I know many folks do not like taking medicines. For example, they do not like side effects or often have difficulty swallowing some pills. Yet, medicines are wonderful inventions which can successfully treat many diseases; diseases which in the past doctors could do little about. Medications are arguably healthcare’s best tools when used properly! They have saved countless lives. This includes curing many infections (antibiotics) and allowing us to live fulfilled lives despite many chronic diseases (e.g. diabetes). Here are some useful tips on taking and getting the most out of your medicines.

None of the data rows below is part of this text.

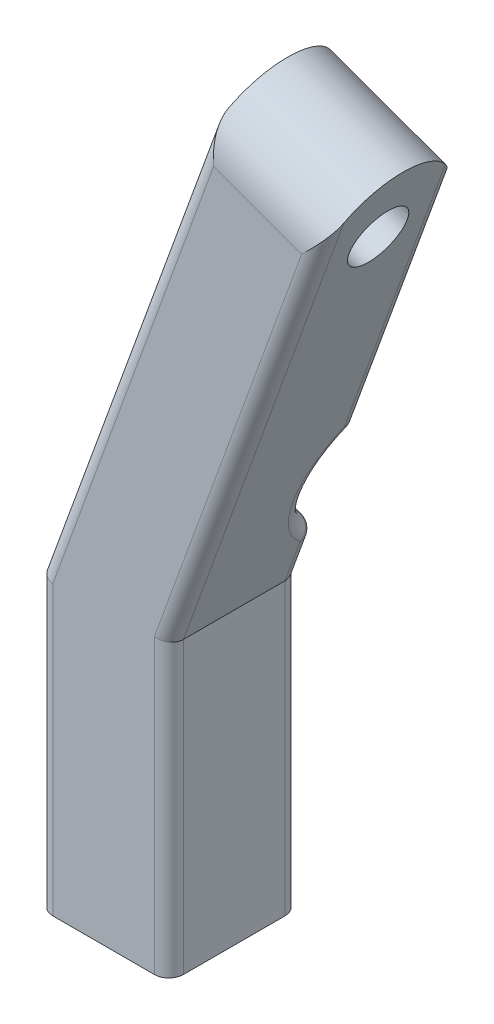
ISO-10303-21;
HEADER;
FILE_DESCRIPTION(('STEP AP214'),'2;1');
FILE_NAME('part.step','',(''),(''),'','','');
FILE_SCHEMA(('AUTOMOTIVE_DESIGN { 1 0 10303 214 1 1 1 1 }'));
ENDSEC;
DATA;
#1=APPLICATION_CONTEXT('core data for automotive mechanical design processes');
#2=APPLICATION_PROTOCOL_DEFINITION('international standard','automotive_design',2000,#1);
#3=PRODUCT_CONTEXT('',#1,'mechanical');
#4=PRODUCT('Part','Part','',(#3));
#5=PRODUCT_RELATED_PRODUCT_CATEGORY('part','',(#4));
#6=PRODUCT_DEFINITION_FORMATION('','',#4);
#7=PRODUCT_DEFINITION_CONTEXT('part definition',#1,'design');
#8=PRODUCT_DEFINITION('design','',#6,#7);
#9=PRODUCT_DEFINITION_SHAPE('','',#8);
#10=(LENGTH_UNIT() NAMED_UNIT(*) SI_UNIT(.MILLI.,.METRE.));
#11=(NAMED_UNIT(*) PLANE_ANGLE_UNIT() SI_UNIT($,.RADIAN.));
#12=(NAMED_UNIT(*) SI_UNIT($,.STERADIAN.) SOLID_ANGLE_UNIT());
#13=UNCERTAINTY_MEASURE_WITH_UNIT(LENGTH_MEASURE(1.E-05),#10,'distance_accuracy_value','');
#14=(GEOMETRIC_REPRESENTATION_CONTEXT(3) GLOBAL_UNCERTAINTY_ASSIGNED_CONTEXT((#13)) GLOBAL_UNIT_ASSIGNED_CONTEXT((#10,
#11,#12)) REPRESENTATION_CONTEXT('',''));
#15=CARTESIAN_POINT('',(0.,0.,0.));
#16=DIRECTION('',(0.,0.,1.));
#17=DIRECTION('',(1.,0.,0.));
#18=AXIS2_PLACEMENT_3D('',#15,#16,#17);
#19=CARTESIAN_POINT('',(20.6286848730728,51.9495491067209,9.));
#20=DIRECTION('',(-0.939692620785908,0.34202014332567,0.));
#21=DIRECTION('',(-0.34202014332567,-0.939692620785908,0.));
#22=AXIS2_PLACEMENT_3D('',#19,#20,#21);
#23=PLANE('',#22);
#24=CARTESIAN_POINT('',(18.9185841564444,47.2510860027914,4.5));
#25=DIRECTION('',(-0.939692620785908,0.34202014332567,0.));
#26=DIRECTION('',(-0.34202014332567,-0.939692620785908,0.));
#27=AXIS2_PLACEMENT_3D('',#24,#25,#26);
#28=CIRCLE('',#27,2.);
#29=CARTESIAN_POINT('',(18.2345438697931,45.3717007612196,4.5));
#30=VERTEX_POINT('',#29);
#31=EDGE_CURVE('E405',#30,#30,#28,.T.);
#32=ORIENTED_EDGE('',*,*,#31,.T.);
#33=EDGE_LOOP('',(#32));
#34=FACE_BOUND('',#33,.T.);
#35=DIRECTION('',(0.34202014332567,0.939692620785908,0.));
#36=VECTOR('',#35,1.);
#37=CARTESIAN_POINT('',(20.6286848730728,51.9495491067209,0.999999999999999));
#38=LINE('',#37,#36);
#39=CARTESIAN_POINT('',(13.0947116552434,31.2501278119588,0.999999999999998));
#40=VERTEX_POINT('',#39);
#41=CARTESIAN_POINT('',(20.0569732786992,50.378784410739,0.999999999999999));
#42=VERTEX_POINT('',#41);
#43=EDGE_CURVE('E198',#40,#42,#38,.T.);
#44=ORIENTED_EDGE('',*,*,#43,.T.);
#45=CARTESIAN_POINT('',(19.0895942281073,47.7209323131843,4.5));
#46=DIRECTION('',(0.939692620785908,-0.34202014332567,0.));
#47=DIRECTION('',(0.34202014332567,0.939692620785908,0.));
#48=AXIS2_PLACEMENT_3D('',#45,#46,#47);
#49=CIRCLE('',#48,4.5);
#50=CARTESIAN_POINT('',(20.0569732786992,50.378784410739,8.));
#51=VERTEX_POINT('',#50);
#52=EDGE_CURVE('E181',#42,#51,#49,.T.);
#53=ORIENTED_EDGE('',*,*,#52,.T.);
#54=DIRECTION('',(0.34202014332567,0.939692620785908,0.));
#55=VECTOR('',#54,1.);
#56=CARTESIAN_POINT('',(20.6286848730728,51.9495491067209,8.));
#57=LINE('',#56,#55);
#58=CARTESIAN_POINT('',(9.,20.,8.));
#59=VERTEX_POINT('',#58);
#60=EDGE_CURVE('E299',#51,#59,#57,.F.);
#61=ORIENTED_EDGE('',*,*,#60,.T.);
#62=DIRECTION('',(0.,0.,-1.));
#63=VECTOR('',#62,1.);
#64=CARTESIAN_POINT('',(9.,20.,9.));
#65=LINE('',#64,#63);
#66=CARTESIAN_POINT('',(9.,20.,0.999999999999999));
#67=VERTEX_POINT('',#66);
#68=EDGE_CURVE('E350',#59,#67,#65,.T.);
#69=ORIENTED_EDGE('',*,*,#68,.T.);
#70=DIRECTION('',(0.34202014332567,0.939692620785908,0.));
#71=VECTOR('',#70,1.);
#72=CARTESIAN_POINT('',(10.0355904946417,22.8452614998299,0.999999999999999));
#73=LINE('',#72,#71);
#74=CARTESIAN_POINT('',(10.0355904946417,22.8452614998299,0.999999999999999));
#75=VERTEX_POINT('',#74);
#76=EDGE_CURVE('E209',#67,#75,#73,.T.);
#77=ORIENTED_EDGE('',*,*,#76,.T.);
#78=CARTESIAN_POINT('',(11.5651510749425,27.0476946558943,-3.));
#79=DIRECTION('',(-0.939692620785908,0.34202014332567,0.));
#80=DIRECTION('',(-0.34202014332567,-0.939692620785908,0.));
#81=AXIS2_PLACEMENT_3D('',#78,#79,#80);
#82=CIRCLE('',#81,6.);
#83=EDGE_CURVE('E203',#75,#40,#82,.T.);
#84=ORIENTED_EDGE('',*,*,#83,.T.);
#85=EDGE_LOOP('',(#44,#53,#61,#69,#77,#84));
#86=FACE_BOUND('',#85,.T.);
#87=ADVANCED_FACE('F52',(#34,#86),#23,.F.);
#88=CARTESIAN_POINT('',(0.,20.,9.));
#89=DIRECTION('',(0.939692620785908,-0.342020143325669,0.));
#90=DIRECTION('',(0.342020143325669,0.939692620785908,0.));
#91=AXIS2_PLACEMENT_3D('',#88,#89,#90);
#92=PLANE('',#91);
#93=CARTESIAN_POINT('',(10.971384162409,50.1436302463808,4.5));
#94=DIRECTION('',(-0.939692620785908,0.342020143325669,0.));
#95=DIRECTION('',(-0.342020143325669,-0.939692620785908,0.));
#96=AXIS2_PLACEMENT_3D('',#93,#94,#95);
#97=CIRCLE('',#96,2.);
#98=CARTESIAN_POINT('',(10.2873438757577,48.264245004809,4.5));
#99=VERTEX_POINT('',#98);
#100=EDGE_CURVE('E408',#99,#99,#97,.T.);
#101=ORIENTED_EDGE('',*,*,#100,.F.);
#102=EDGE_LOOP('',(#101));
#103=FACE_BOUND('',#102,.T.);
#104=CARTESIAN_POINT('',(11.1423942340719,50.6134765567737,4.5));
#105=DIRECTION('',(0.939692620785908,-0.342020143325669,0.));
#106=DIRECTION('',(0.342020143325669,0.939692620785908,0.));
#107=AXIS2_PLACEMENT_3D('',#104,#105,#106);
#108=CIRCLE('',#107,4.5);
#109=CARTESIAN_POINT('',(12.1097732846638,53.2713286543284,1.00000000000001));
#110=VERTEX_POINT('',#109);
#111=CARTESIAN_POINT('',(12.1097732846638,53.2713286543284,8.));
#112=VERTEX_POINT('',#111);
#113=EDGE_CURVE('E72',#110,#112,#108,.T.);
#114=ORIENTED_EDGE('',*,*,#113,.F.);
#115=DIRECTION('',(-0.342020143325669,-0.939692620785908,0.));
#116=VECTOR('',#115,1.);
#117=CARTESIAN_POINT('',(5.14751166120796,34.1426720555482,0.999999999999999));
#118=LINE('',#117,#116);
#119=CARTESIAN_POINT('',(5.14751166120796,34.1426720555482,0.999999999999999));
#120=VERTEX_POINT('',#119);
#121=EDGE_CURVE('E231',#110,#120,#118,.T.);
#122=ORIENTED_EDGE('',*,*,#121,.T.);
#123=CARTESIAN_POINT('',(3.61795108090713,29.9402388994837,-3.));
#124=DIRECTION('',(0.939692620785908,-0.342020143325669,0.));
#125=DIRECTION('',(0.342020143325669,0.939692620785908,0.));
#126=AXIS2_PLACEMENT_3D('',#123,#124,#125);
#127=CIRCLE('',#126,6.);
#128=CARTESIAN_POINT('',(2.08839050060629,25.7378057434193,0.999999999999999));
#129=VERTEX_POINT('',#128);
#130=EDGE_CURVE('E229',#120,#129,#127,.T.);
#131=ORIENTED_EDGE('',*,*,#130,.T.);
#132=DIRECTION('',(-0.342020143325669,-0.939692620785908,0.));
#133=VECTOR('',#132,1.);
#134=CARTESIAN_POINT('',(0.,20.,0.999999999999999));
#135=LINE('',#134,#133);
#136=CARTESIAN_POINT('',(0.,20.,0.999999999999999));
#137=VERTEX_POINT('',#136);
#138=EDGE_CURVE('E226',#129,#137,#135,.T.);
#139=ORIENTED_EDGE('',*,*,#138,.T.);
#140=DIRECTION('',(0.,0.,-1.));
#141=VECTOR('',#140,1.);
#142=CARTESIAN_POINT('',(0.,20.,9.));
#143=LINE('',#142,#141);
#144=CARTESIAN_POINT('',(0.,20.,8.));
#145=VERTEX_POINT('',#144);
#146=EDGE_CURVE('E348',#145,#137,#143,.T.);
#147=ORIENTED_EDGE('',*,*,#146,.F.);
#148=DIRECTION('',(-0.342020143325669,-0.939692620785908,0.));
#149=VECTOR('',#148,1.);
#150=CARTESIAN_POINT('',(0.,20.,8.));
#151=LINE('',#150,#149);
#152=EDGE_CURVE('E301',#145,#112,#151,.F.);
#153=ORIENTED_EDGE('',*,*,#152,.T.);
#154=EDGE_LOOP('',(#114,#122,#131,#139,#147,#153));
#155=FACE_BOUND('',#154,.T.);
#156=ADVANCED_FACE('F453',(#103,#155),#92,.F.);
#157=CARTESIAN_POINT('',(0.,0.,0.));
#158=DIRECTION('',(0.,0.,-1.));
#159=DIRECTION('',(-1.,0.,0.));
#160=AXIS2_PLACEMENT_3D('',#157,#158,#159);
#161=PLANE('',#160);
#162=DIRECTION('',(-0.342020143325669,-0.939692620785908,0.));
#163=VECTOR('',#162,1.);
#164=CARTESIAN_POINT('',(13.6211774998233,54.5000732069846,0.));
#165=LINE('',#164,#163);
#166=CARTESIAN_POINT('',(6.08720428199387,33.8006519122225,0.));
#167=VERTEX_POINT('',#166);
#168=CARTESIAN_POINT('',(12.0820868548578,50.2714564134481,0.));
#169=VERTEX_POINT('',#168);
#170=EDGE_CURVE('E205',#167,#169,#165,.F.);
#171=ORIENTED_EDGE('',*,*,#170,.T.);
#172=DIRECTION('',(0.939692620785908,-0.342020143325669,0.));
#173=VECTOR('',#172,1.);
#174=CARTESIAN_POINT('',(4.99420491631864,52.8512344630694,0.));
#175=LINE('',#174,#173);
#176=CARTESIAN_POINT('',(18.1499016073213,48.06295245651,0.));
#177=VERTEX_POINT('',#176);
#178=EDGE_CURVE('E200',#169,#177,#175,.T.);
#179=ORIENTED_EDGE('',*,*,#178,.T.);
#180=DIRECTION('',(0.34202014332567,0.939692620785908,0.));
#181=VECTOR('',#180,1.);
#182=CARTESIAN_POINT('',(12.1550190344574,31.5921479552844,0.));
#183=LINE('',#182,#181);
#184=CARTESIAN_POINT('',(12.1550190344574,31.5921479552844,0.));
#185=VERTEX_POINT('',#184);
#186=EDGE_CURVE('E199',#177,#185,#183,.F.);
#187=ORIENTED_EDGE('',*,*,#186,.T.);
#188=DIRECTION('',(-0.939692620785908,0.34202014332567,0.));
#189=VECTOR('',#188,1.);
#190=CARTESIAN_POINT('',(5.14751166120796,34.1426720555482,0.));
#191=LINE('',#190,#189);
#192=EDGE_CURVE('E360',#185,#167,#191,.T.);
#193=ORIENTED_EDGE('',*,*,#192,.T.);
#194=EDGE_LOOP('',(#171,#179,#187,#193));
#195=FACE_BOUND('',#194,.T.);
#196=ADVANCED_FACE('F401',(#195),#161,.T.);
#197=CARTESIAN_POINT('',(19.6889922522869,52.2915692500465,0.999999999999999));
#198=DIRECTION('',(-0.34202014332567,-0.939692620785908,0.));
#199=DIRECTION('',(0.939692620785908,-0.34202014332567,0.));
#200=AXIS2_PLACEMENT_3D('',#197,#198,#199);
#201=CYLINDRICAL_SURFACE('',#200,1.);
#202=ORIENTED_EDGE('',*,*,#186,.F.);
#203=CARTESIAN_POINT('',(20.0569732786992,50.378784410739,0.999999999999999));
#204=CARTESIAN_POINT('',(20.0377970741125,50.32618437219,0.954743050678537));
#205=CARTESIAN_POINT('',(20.0154365664339,50.2736362015838,0.910891854609985));
#206=CARTESIAN_POINT('',(19.9653490970672,50.1687947661599,0.826265396472308));
#207=CARTESIAN_POINT('',(19.9376324731201,50.1165012061112,0.785484416013811));
#208=CARTESIAN_POINT('',(19.8779757189125,50.0125046705521,0.707378307157541));
#209=CARTESIAN_POINT('',(19.846068336757,49.9608001873787,0.670029853152155));
#210=CARTESIAN_POINT('',(19.778573462846,49.8575732697211,0.598473695250581));
#211=CARTESIAN_POINT('',(19.7429835574295,49.8060509778213,0.564268079367654));
#212=CARTESIAN_POINT('',(19.6465207030886,49.6724173046542,0.47948509305024));
#213=CARTESIAN_POINT('',(19.5832662995524,49.5904574563704,0.431364682635846));
#214=CARTESIAN_POINT('',(19.4509043475848,49.4270032411482,0.343059167372879));
#215=CARTESIAN_POINT('',(19.3817945240321,49.3455090683974,0.302877167381819));
#216=CARTESIAN_POINT('',(19.2388918225492,49.182559802029,0.230075919585969));
#217=CARTESIAN_POINT('',(19.1650795437087,49.1011064829517,0.197490985232561));
#218=CARTESIAN_POINT('',(19.0142604341818,48.9385477876584,0.139907686295118));
#219=CARTESIAN_POINT('',(18.9372544102338,48.8574423292162,0.114907418936207));
#220=CARTESIAN_POINT('',(18.7454791596056,48.6586448978245,0.0626068902517143));
#221=CARTESIAN_POINT('',(18.6294504498066,48.5410745716634,0.0394235265738951));
#222=CARTESIAN_POINT('',(18.3954082443713,48.3064478384064,0.00834927003408367));
#223=CARTESIAN_POINT('',(18.2774002358308,48.1893908762609,0.000421478913732489));
#224=CARTESIAN_POINT('',(18.1562524923779,48.069250491002,5.45908272960541E-06));
#225=CARTESIAN_POINT('',(18.1530770255399,48.0661014504406,4.96199333660962E-09));
#226=CARTESIAN_POINT('',(18.1499016073214,48.06295245651,0.));
#227=B_SPLINE_CURVE_WITH_KNOTS('',3,(#203,#204,#205,#206,#207,#208,#209,#210,#211,#212,#213,
#214,#215,#216,#217,#218,#219,#220,#221,#222,#223,#224,#225,#226),.UNSPECIFIED.,.F.,.F.,(4,2,2,
2,2,2,2,2,2,2,2,4),(0.,0.21578260692177,0.431152822075277,0.644930394770631,0.858848983544129,
1.20082332099114,1.54293114720841,1.88655545684144,2.23009348959458,2.72973479565721,
3.22816610576646,3.24158252361179),.UNSPECIFIED.);
#228=EDGE_CURVE('E184',#177,#42,#227,.F.);
#229=ORIENTED_EDGE('',*,*,#228,.T.);
#230=ORIENTED_EDGE('',*,*,#43,.F.);
#231=CARTESIAN_POINT('',(12.1550190344574,31.5921479552844,1.));
#232=DIRECTION('',(0.342020143325669,0.939692620785908,0.));
#233=DIRECTION('',(-0.939692620785908,0.342020143325669,0.));
#234=AXIS2_PLACEMENT_3D('',#231,#232,#233);
#235=CIRCLE('',#234,1.);
#236=EDGE_CURVE('E253',#40,#185,#235,.T.);
#237=ORIENTED_EDGE('',*,*,#236,.T.);
#238=EDGE_LOOP('',(#202,#229,#230,#237));
#239=FACE_BOUND('',#238,.T.);
#240=ADVANCED_FACE('F196',(#239),#201,.T.);
#241=CARTESIAN_POINT('',(0.939692620785908,19.6579798566743,0.999999999999999));
#242=DIRECTION('',(0.342020143325669,0.939692620785908,0.));
#243=DIRECTION('',(-0.939692620785908,0.342020143325669,0.));
#244=AXIS2_PLACEMENT_3D('',#241,#242,#243);
#245=CYLINDRICAL_SURFACE('',#244,1.);
#246=ORIENTED_EDGE('',*,*,#121,.F.);
#247=CARTESIAN_POINT('',(12.1097732846638,53.2713286543284,0.999999999999999));
#248=CARTESIAN_POINT('',(12.0906524565791,53.2187084603811,0.954743050678539));
#249=CARTESIAN_POINT('',(12.0740042862543,53.16408116901,0.910891854609987));
#250=CARTESIAN_POINT('',(12.0449827381603,53.0515723652854,0.826265396472307));
#251=CARTESIAN_POINT('',(12.0326012514513,52.9936972717436,0.785484416013808));
#252=CARTESIAN_POINT('',(12.0114532919988,52.8756846811362,0.707378307157534));
#253=CARTESIAN_POINT('',(12.0026607636444,52.8155670792098,0.670029853152145));
#254=CARTESIAN_POINT('',(11.9880118530865,52.6931058038906,0.598473695250572));
#255=CARTESIAN_POINT('',(11.9821574115061,52.6307606882523,0.564268079367646));
#256=CARTESIAN_POINT('',(11.9701541756926,52.4663862279438,0.479485093050236));
#257=CARTESIAN_POINT('',(11.9659270850557,52.3629421947559,0.431364682635844));
#258=CARTESIAN_POINT('',(11.962255878545,52.1526483787618,0.343059167372876));
#259=CARTESIAN_POINT('',(11.9628136303366,52.0457972822922,0.302877167381816));
#260=CARTESIAN_POINT('',(11.9675416812852,51.8291148163765,0.230075919585965));
#261=CARTESIAN_POINT('',(11.9717279830542,51.7192723356422,0.197490985232557));
#262=CARTESIAN_POINT('',(11.9827714086421,51.4978004955243,0.139907686295114));
#263=CARTESIAN_POINT('',(11.9896278616095,51.3861715917131,0.114907418936201));
#264=CARTESIAN_POINT('',(12.0087517009449,51.1106131691408,0.0626068902517084));
#265=CARTESIAN_POINT('',(12.0220621004056,50.9459672570827,0.0394235265738895));
#266=CARTESIAN_POINT('',(12.0505336742956,50.6157933220665,0.00834927003408669));
#267=CARTESIAN_POINT('',(12.0656902885867,50.4502684009529,0.00042147891374459));
#268=CARTESIAN_POINT('',(12.0812700931881,50.2803632579982,5.45908272922342E-06));
#269=CARTESIAN_POINT('',(12.0816784776584,50.2759098022365,4.9619926119972E-09));
#270=CARTESIAN_POINT('',(12.0820868548578,50.2714564134481,0.));
#271=B_SPLINE_CURVE_WITH_KNOTS('',3,(#247,#248,#249,#250,#251,#252,#253,#254,#255,#256,#257,
#258,#259,#260,#261,#262,#263,#264,#265,#266,#267,#268,#269,#270),.UNSPECIFIED.,.F.,.F.,(4,2,2,
2,2,2,2,2,2,2,2,4),(0.,0.215782606921779,0.431152822075298,0.64493039477066,0.858848983544151,
1.20082332099115,1.54293114720842,1.88655545684146,2.23009348959463,2.72973479565723,
3.22816610576647,3.24158252361181),.UNSPECIFIED.);
#272=EDGE_CURVE('E12',#110,#169,#271,.T.);
#273=ORIENTED_EDGE('',*,*,#272,.T.);
#274=ORIENTED_EDGE('',*,*,#170,.F.);
#275=CARTESIAN_POINT('',(6.08720428199387,33.8006519122225,1.));
#276=DIRECTION('',(0.34202014332567,0.939692620785908,0.));
#277=DIRECTION('',(-0.939692620785908,0.34202014332567,0.));
#278=AXIS2_PLACEMENT_3D('',#275,#276,#277);
#279=CIRCLE('',#278,1.);
#280=EDGE_CURVE('E269',#167,#120,#279,.T.);
#281=ORIENTED_EDGE('',*,*,#280,.T.);
#282=EDGE_LOOP('',(#246,#273,#274,#281));
#283=FACE_BOUND('',#282,.T.);
#284=ADVANCED_FACE('F404',(#283),#245,.T.);
#285=CARTESIAN_POINT('',(0.,0.,9.));
#286=DIRECTION('',(0.,0.,-1.));
#287=DIRECTION('',(-1.,0.,0.));
#288=AXIS2_PLACEMENT_3D('',#285,#286,#287);
#289=PLANE('',#288);
#290=DIRECTION('',(0.939692620785908,-0.342020143325669,0.));
#291=VECTOR('',#290,1.);
#292=CARTESIAN_POINT('',(4.99420491631863,52.8512344630694,9.));
#293=LINE('',#292,#291);
#294=CARTESIAN_POINT('',(12.0820868548578,50.2714564134481,9.00000000000001));
#295=VERTEX_POINT('',#294);
#296=CARTESIAN_POINT('',(18.1499016073214,48.06295245651,9.00000000000001));
#297=VERTEX_POINT('',#296);
#298=EDGE_CURVE('E191',#295,#297,#293,.T.);
#299=ORIENTED_EDGE('',*,*,#298,.F.);
#300=DIRECTION('',(-0.342020143325669,-0.939692620785908,0.));
#301=VECTOR('',#300,1.);
#302=CARTESIAN_POINT('',(-5.4881834760795,1.99753542548456,9.));
#303=LINE('',#302,#301);
#304=CARTESIAN_POINT('',(1.,19.8236730192915,9.));
#305=VERTEX_POINT('',#304);
#306=EDGE_CURVE('E285',#295,#305,#303,.T.);
#307=ORIENTED_EDGE('',*,*,#306,.T.);
#308=DIRECTION('',(0.,-1.,0.));
#309=VECTOR('',#308,1.);
#310=CARTESIAN_POINT('',(1.,0.,9.));
#311=LINE('',#310,#309);
#312=CARTESIAN_POINT('',(0.999999999999999,0.,9.));
#313=VERTEX_POINT('',#312);
#314=EDGE_CURVE('E252',#305,#313,#311,.T.);
#315=ORIENTED_EDGE('',*,*,#314,.T.);
#316=DIRECTION('',(1.,0.,0.));
#317=VECTOR('',#316,1.);
#318=CARTESIAN_POINT('',(9.,0.,9.));
#319=LINE('',#318,#317);
#320=CARTESIAN_POINT('',(8.,0.,9.));
#321=VERTEX_POINT('',#320);
#322=EDGE_CURVE('E341',#313,#321,#319,.T.);
#323=ORIENTED_EDGE('',*,*,#322,.T.);
#324=DIRECTION('',(0.,1.,0.));
#325=VECTOR('',#324,1.);
#326=CARTESIAN_POINT('',(8.,0.,9.));
#327=LINE('',#326,#325);
#328=CARTESIAN_POINT('',(8.,20.1763269807085,9.));
#329=VERTEX_POINT('',#328);
#330=EDGE_CURVE('E290',#321,#329,#327,.T.);
#331=ORIENTED_EDGE('',*,*,#330,.T.);
#332=DIRECTION('',(0.34202014332567,0.939692620785908,0.));
#333=VECTOR('',#332,1.);
#334=CARTESIAN_POINT('',(0.579631276384077,-0.210968531453531,9.));
#335=LINE('',#334,#333);
#336=EDGE_CURVE('E287',#329,#297,#335,.T.);
#337=ORIENTED_EDGE('',*,*,#336,.T.);
#338=EDGE_LOOP('',(#299,#307,#315,#323,#331,#337));
#339=FACE_BOUND('',#338,.T.);
#340=ADVANCED_FACE('F324',(#339),#289,.F.);
#341=CARTESIAN_POINT('',(0.579631276384081,-0.210968531453532,8.));
#342=DIRECTION('',(0.34202014332567,0.939692620785908,0.));
#343=DIRECTION('',(-0.939692620785908,0.34202014332567,0.));
#344=AXIS2_PLACEMENT_3D('',#341,#342,#343);
#345=CYLINDRICAL_SURFACE('',#344,1.);
#346=ORIENTED_EDGE('',*,*,#60,.F.);
#347=CARTESIAN_POINT('',(20.0569732786992,50.378784410739,8.));
#348=CARTESIAN_POINT('',(20.0377970741125,50.32618437219,8.04525694932147));
#349=CARTESIAN_POINT('',(20.0154365664339,50.2736362015838,8.08910814539003));
#350=CARTESIAN_POINT('',(19.9653490970672,50.1687947661599,8.17373460352773));
#351=CARTESIAN_POINT('',(19.93763247312,50.1165012061111,8.21451558398623));
#352=CARTESIAN_POINT('',(19.8779757189125,50.012504670552,8.2926216928425));
#353=CARTESIAN_POINT('',(19.846068336757,49.9608001873787,8.32997014684788));
#354=CARTESIAN_POINT('',(19.778573462846,49.8575732697211,8.40152630474944));
#355=CARTESIAN_POINT('',(19.7429835574295,49.8060509778213,8.43573192063235));
#356=CARTESIAN_POINT('',(19.6465207030887,49.6724173046542,8.52051490694975));
#357=CARTESIAN_POINT('',(19.5832662995524,49.5904574563704,8.56863531736414));
#358=CARTESIAN_POINT('',(19.4509043475849,49.4270032411482,8.6569408326271));
#359=CARTESIAN_POINT('',(19.3817945240321,49.3455090683974,8.69712283261816));
#360=CARTESIAN_POINT('',(19.2388918225493,49.1825598020291,8.76992408041401));
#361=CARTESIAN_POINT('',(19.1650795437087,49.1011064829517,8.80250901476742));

- Religiously take the medicines at the times and doses prescribed by your healthcare provider. Different medications have different rates of entering your system, different times they remain in your system, and different ways they are eliminated by your body (e.g. some via the kidneys and into the urine, some degraded by the liver). These factors are all considered when determining what medicine, what dosage you should take and how often (some once a day, others multiple times a day). The goal is to maintain an effective level of each medicine in your system over time, without running into side effects which are often dose dependent.
- If you experience what you think are side effects, consult your healthcare provider BEFORE changing or discontinuing any medication. Most medicines have potential real side effects. However, these can often be minimized by either changing the dose of the medication, changing the frequency at which you take the medication, or sometimes switching to a different but similar medication. Most common side effects are listed in the information which comes with your prescription for you to check, and everyone’s response is often different. Some side effects go away over time as your body adapts to a given medication. Your healthcare provider needs to know exactly what you are taking and how you are actually taking your medication. Together you can monitor its effectiveness (e.g. measuring your blood pressure if you are on a blood pressure lowering medication).
- Do not chew your tablets, especially if it is a capsule: Some medications are designed to release slowly in your system at different times. If you chew them, you may get a whopping dose right at the start which may cause problems (e.g. fainting). If you have difficulty swallowing pills, you may ask for smaller pills in the prescription, or ask for a liquid formulation (easier to swallow). Also, for little kids, ask your healthcare provider if it’s okay to crush the pills and put them into juice or food like apple sauce.
- If you take multiple medicines, use a pill organizer to help you keep track of what medicines you have taken and when. I personally am on several different medications. Some I need to take once a day, one twice a day, and 2 three times a day. We all get busy and distracted at times and it is easy to forget whether you have taken a particular medicine if you are just taking the pills directly out of the bottle and swallowing them. You do not want to double up on some medications by mistake (e.g. blood pressure lowering medications or some blood thinners) since you may run into problems if you do so. I use a week-long pill organizer which has slots for morning, afternoon, and evening, and religiously fill this up every Sunday morning for the entire week (see attached photograph for one example). This way, if I cannot remember if I actually took something, I can look at the organizer and it will tell me (if they are not there, then I took them). You can also have someone else organize your pills for you in this way. Various pill organizers are available at your local pharmacy. Finally, there are also some pharmacies which will organize your pills for you.
It is also a good idea to take note of the shapes sizes and colors of your different pills. This helps prevent mistakes (e.g. two of the same pills put in the same box, or one pill missing). If a new prescription for a medication you have been taking looks different, you may want to double check with the pharmacist to ensure that a mistake has not been made or whether a dose has changed.
- Always carry with you a written list of all the medications you take (names, doses, and how often taken each day). This is important to show any healthcare provider since medications are a common source of symptoms, and if you need to be treated for something urgently, folks need to know what you have been taking. For example, if you are in an accident and get taken unconscious to an emergency room, this is most helpful for the healthcare providers to know how to diagnose and treat you. One option is to keep a table of your medications like the one below:
|Medication||Dose per pill||Time taken|
|Atorvastatin||80 mg tablet||Once in evening|
|Eliquis||5 mg tablet||Once in morning and in evening|
|Metoprolol||12.5 mg tablet||One half tablet morning, late afternoon, evening|
Alternatively, if you are patient in a health system which has an electronic patient portal, you can usually find a listing of all of your prescribed medications in this system and print out this list to carry with you. I always keep my list with me.
- If you are getting low on one of your medications, ask for a refill days ahead of when you would run out. It may take some days for the pharmacy to stock a particular medicine, or for a new prescription to be obtained from your healthcare provider
- Finally, if children are around, keep your medications in a safe place that they cannot get to. Medicine pills often look like candy to young kids who may take an overdose and get into big trouble.
These are just a few general tips. Certain specific medications may need special care (e.g. they need to be kept out of sunlight, need to be refrigerated, not taken with certain foods, etc.) and it is very important to follow these specific instructions to avoid problems.